Abstracts

Long Term Video-EEG Monitoring of Patients Referred by Refractory Epilepsy in an Epilepsy Unit of a Tertiary Hospital: Clinical Effectiveness and Economic Evaluation

Abstract number : 2.007
Submission category : 3. Neurophysiology / 3A. Video EEG Epilepsy-Monitoring
Year : 2021
Submission ID : 1826082
Source : www.aesnet.org
Presentation date : 12/9/2021 12:00:00 PM
Published date : Nov 22, 2021, 06:51 AM

Authors :
Juan Luis Becerra-Cuñat, MD,PhD - Hospital Germans Trias i Pujol; Jordi Ciurans, MD – Neurology – Hospital Germans Trias; Antoni Dávalos, MD,PhD – Hospital Director, Hospital Germans Trias; Borja Garcia-Lorenzo, PhD – Health assessments – Kronikgune; Laia Grau-López, MD,PhD – Neurology – Hospital Germans Trias; Marta Jimenez, MD – Neurology – Hospital Germans Trias; Rodrigo Rocamora, MD,PhD – Director of Epilepsy Unit, Neurology, Hospital del Mar

Rationale: Long-term video-EEG monitoring (LTVEEG-m) is the test of certainty in the diagnosis of epilepsy. The European Commission recommends one specialized center with LTVEEG-m and epilepsy surgery for every 3,000 patients with refractory epilepsy (RE). In Spain in 2019 there was one center accredited every 10,600 patients with RE. This study aims to analyze the use of LTVEEG-m versus no LTVEEG-m in RE patients in terms of safety, clinical effectiveness, efficiency, and economic feasibility in Spain.

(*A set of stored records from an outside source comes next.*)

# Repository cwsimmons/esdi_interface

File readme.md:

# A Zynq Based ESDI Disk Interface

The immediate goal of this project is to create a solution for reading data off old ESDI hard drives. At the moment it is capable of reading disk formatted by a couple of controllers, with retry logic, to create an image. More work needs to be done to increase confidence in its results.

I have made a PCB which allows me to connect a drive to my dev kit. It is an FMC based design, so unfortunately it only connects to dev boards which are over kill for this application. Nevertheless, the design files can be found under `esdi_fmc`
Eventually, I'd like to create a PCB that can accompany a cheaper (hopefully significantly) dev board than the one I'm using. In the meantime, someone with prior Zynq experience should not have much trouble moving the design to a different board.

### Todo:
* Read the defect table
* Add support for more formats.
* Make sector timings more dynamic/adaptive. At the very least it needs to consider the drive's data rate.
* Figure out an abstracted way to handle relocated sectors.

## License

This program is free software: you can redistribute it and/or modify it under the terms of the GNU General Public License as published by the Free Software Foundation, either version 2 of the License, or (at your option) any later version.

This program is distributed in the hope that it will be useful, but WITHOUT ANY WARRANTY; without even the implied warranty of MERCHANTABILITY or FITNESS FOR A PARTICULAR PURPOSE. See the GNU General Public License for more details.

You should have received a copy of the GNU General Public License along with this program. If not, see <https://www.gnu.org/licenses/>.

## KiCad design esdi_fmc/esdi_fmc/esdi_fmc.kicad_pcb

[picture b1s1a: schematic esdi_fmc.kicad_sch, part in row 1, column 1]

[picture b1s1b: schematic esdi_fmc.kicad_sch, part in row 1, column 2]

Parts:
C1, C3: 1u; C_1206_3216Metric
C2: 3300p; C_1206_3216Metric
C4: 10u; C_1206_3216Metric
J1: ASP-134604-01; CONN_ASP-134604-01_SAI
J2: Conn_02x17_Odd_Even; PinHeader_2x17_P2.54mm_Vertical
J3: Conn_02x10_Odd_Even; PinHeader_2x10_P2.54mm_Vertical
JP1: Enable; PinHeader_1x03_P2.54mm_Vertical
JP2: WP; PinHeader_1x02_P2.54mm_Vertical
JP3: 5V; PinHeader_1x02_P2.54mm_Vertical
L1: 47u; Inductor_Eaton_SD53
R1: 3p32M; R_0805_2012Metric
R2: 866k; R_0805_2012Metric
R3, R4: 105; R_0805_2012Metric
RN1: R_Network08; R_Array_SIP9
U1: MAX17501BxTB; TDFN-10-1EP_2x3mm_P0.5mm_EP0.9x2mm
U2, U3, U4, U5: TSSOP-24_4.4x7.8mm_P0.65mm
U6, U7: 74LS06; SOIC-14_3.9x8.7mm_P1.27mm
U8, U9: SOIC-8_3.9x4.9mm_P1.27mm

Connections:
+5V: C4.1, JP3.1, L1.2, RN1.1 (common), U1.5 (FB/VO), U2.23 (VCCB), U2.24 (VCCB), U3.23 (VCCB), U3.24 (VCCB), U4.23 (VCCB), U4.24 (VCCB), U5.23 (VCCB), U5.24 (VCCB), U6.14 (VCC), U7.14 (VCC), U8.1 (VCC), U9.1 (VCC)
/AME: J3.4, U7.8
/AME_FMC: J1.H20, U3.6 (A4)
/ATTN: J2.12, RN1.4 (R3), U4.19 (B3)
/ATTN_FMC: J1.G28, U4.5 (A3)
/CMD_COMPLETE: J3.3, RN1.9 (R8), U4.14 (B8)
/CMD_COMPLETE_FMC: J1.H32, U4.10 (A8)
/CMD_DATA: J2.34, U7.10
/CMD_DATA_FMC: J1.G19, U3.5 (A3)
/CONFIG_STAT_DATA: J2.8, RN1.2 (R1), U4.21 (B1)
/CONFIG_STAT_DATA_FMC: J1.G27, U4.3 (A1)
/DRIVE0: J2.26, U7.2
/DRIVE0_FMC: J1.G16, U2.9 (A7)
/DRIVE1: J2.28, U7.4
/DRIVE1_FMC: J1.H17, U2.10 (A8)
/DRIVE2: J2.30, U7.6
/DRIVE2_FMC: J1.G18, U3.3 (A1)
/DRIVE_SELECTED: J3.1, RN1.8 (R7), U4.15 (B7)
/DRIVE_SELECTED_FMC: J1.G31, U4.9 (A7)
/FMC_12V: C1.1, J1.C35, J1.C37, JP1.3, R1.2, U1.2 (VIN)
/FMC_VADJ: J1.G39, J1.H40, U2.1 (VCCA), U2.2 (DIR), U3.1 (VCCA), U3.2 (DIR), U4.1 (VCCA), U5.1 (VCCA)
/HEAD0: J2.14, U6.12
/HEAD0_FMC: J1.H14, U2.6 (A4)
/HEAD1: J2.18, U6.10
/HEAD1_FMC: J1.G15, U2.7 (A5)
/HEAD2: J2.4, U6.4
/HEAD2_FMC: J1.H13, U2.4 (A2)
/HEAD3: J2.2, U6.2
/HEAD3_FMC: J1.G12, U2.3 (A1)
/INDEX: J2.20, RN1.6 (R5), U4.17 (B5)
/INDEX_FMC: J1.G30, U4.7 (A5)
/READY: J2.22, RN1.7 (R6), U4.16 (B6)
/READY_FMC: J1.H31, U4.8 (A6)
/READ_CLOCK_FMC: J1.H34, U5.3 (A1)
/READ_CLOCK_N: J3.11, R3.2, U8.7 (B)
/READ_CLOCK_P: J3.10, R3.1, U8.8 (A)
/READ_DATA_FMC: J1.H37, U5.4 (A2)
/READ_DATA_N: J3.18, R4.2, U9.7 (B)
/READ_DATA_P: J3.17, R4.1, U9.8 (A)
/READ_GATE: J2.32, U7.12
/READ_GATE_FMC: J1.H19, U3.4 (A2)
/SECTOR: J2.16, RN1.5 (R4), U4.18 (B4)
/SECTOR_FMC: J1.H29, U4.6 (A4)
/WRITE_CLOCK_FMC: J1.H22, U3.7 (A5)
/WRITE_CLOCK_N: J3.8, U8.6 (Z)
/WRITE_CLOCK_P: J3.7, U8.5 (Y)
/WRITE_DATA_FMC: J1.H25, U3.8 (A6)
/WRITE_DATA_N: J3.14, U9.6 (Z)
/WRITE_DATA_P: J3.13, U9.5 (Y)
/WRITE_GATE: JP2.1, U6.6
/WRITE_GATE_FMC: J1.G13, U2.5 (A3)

Methods: Between November 2007 and May 2017, information was collected from a prospective cohort referred to LTVEEG-m. The design was a before-after study and a comparison of the variables before and one year after LTVEEG-m was performed. Safety: Medical complications during admission were performed. Clinical effectiveness: Patients were compared regarding the certainty diagnosis after LTVEEG-m. Economic evaluation: A full economic assessment of health outcomes and costs of LTVEEG-m vs. no LTVEEG-m, treatment based exclusively on antiepileptic drugs (ASD) were conducted. The cost-effectiveness analysis was implemented using a decision tree together a Markov model. Quality Adjusted Years of Life (QALY) were used as an effective measure.

Results: 278 patients with one-year follow-up were included. Safety: The rate of medical complications was 7.2%. A higher likelihood of complications was observed in patients with a higher number of seizures (OR 1.04; 95% CI: 1.02–1.06, 0.002), with five or more seizures with an area under the curve (AUC) of 0.76 p-0.04 and with two or more tonic-clonic seizures with AUC of 0.77, p-0.02. Effectiveness: After LTVEEG-m a diagnostic change (46.9%) and a therapeutic change (59.4%) was determined. The group with a change in diagnosis showed a further reduction in seizure frequency (p- 0.03), in number of ASD ( p-0.001) and a greater improvement in quality of life (p-0.006) at one year compared to the group without changes. Efficiency: LTVEEG-m vs. no LTVEEG-m group, present an estimate average incremental cost of 17,472 Euros per patient and an incremental effectiveness of 8 QALY, generating a cost effectiveness ratio (ICER) of 2,175 Euros per QALY, lower than the cost effectiveness threshold (CE threshold) of 20,000 Euros per QALY in Spain. The sensitivity analysis offered robustness to the ICER. The probability that LTVEEG-m is a CE technology against no LTVEEG-m, according to the CE threshold in Spain, was 100%.

Conclusions: LTVEEG-m is a safe, effective and efficient health technology compared to no LTVEEG-m. Its financing and implementation is recommended. This is a pioneering study in Europe, whose scalability allows its results to be considered in economies similar to the Spanish one.

Funding: Please list any funding that was received in support of this abstract.: No funding was received for this study.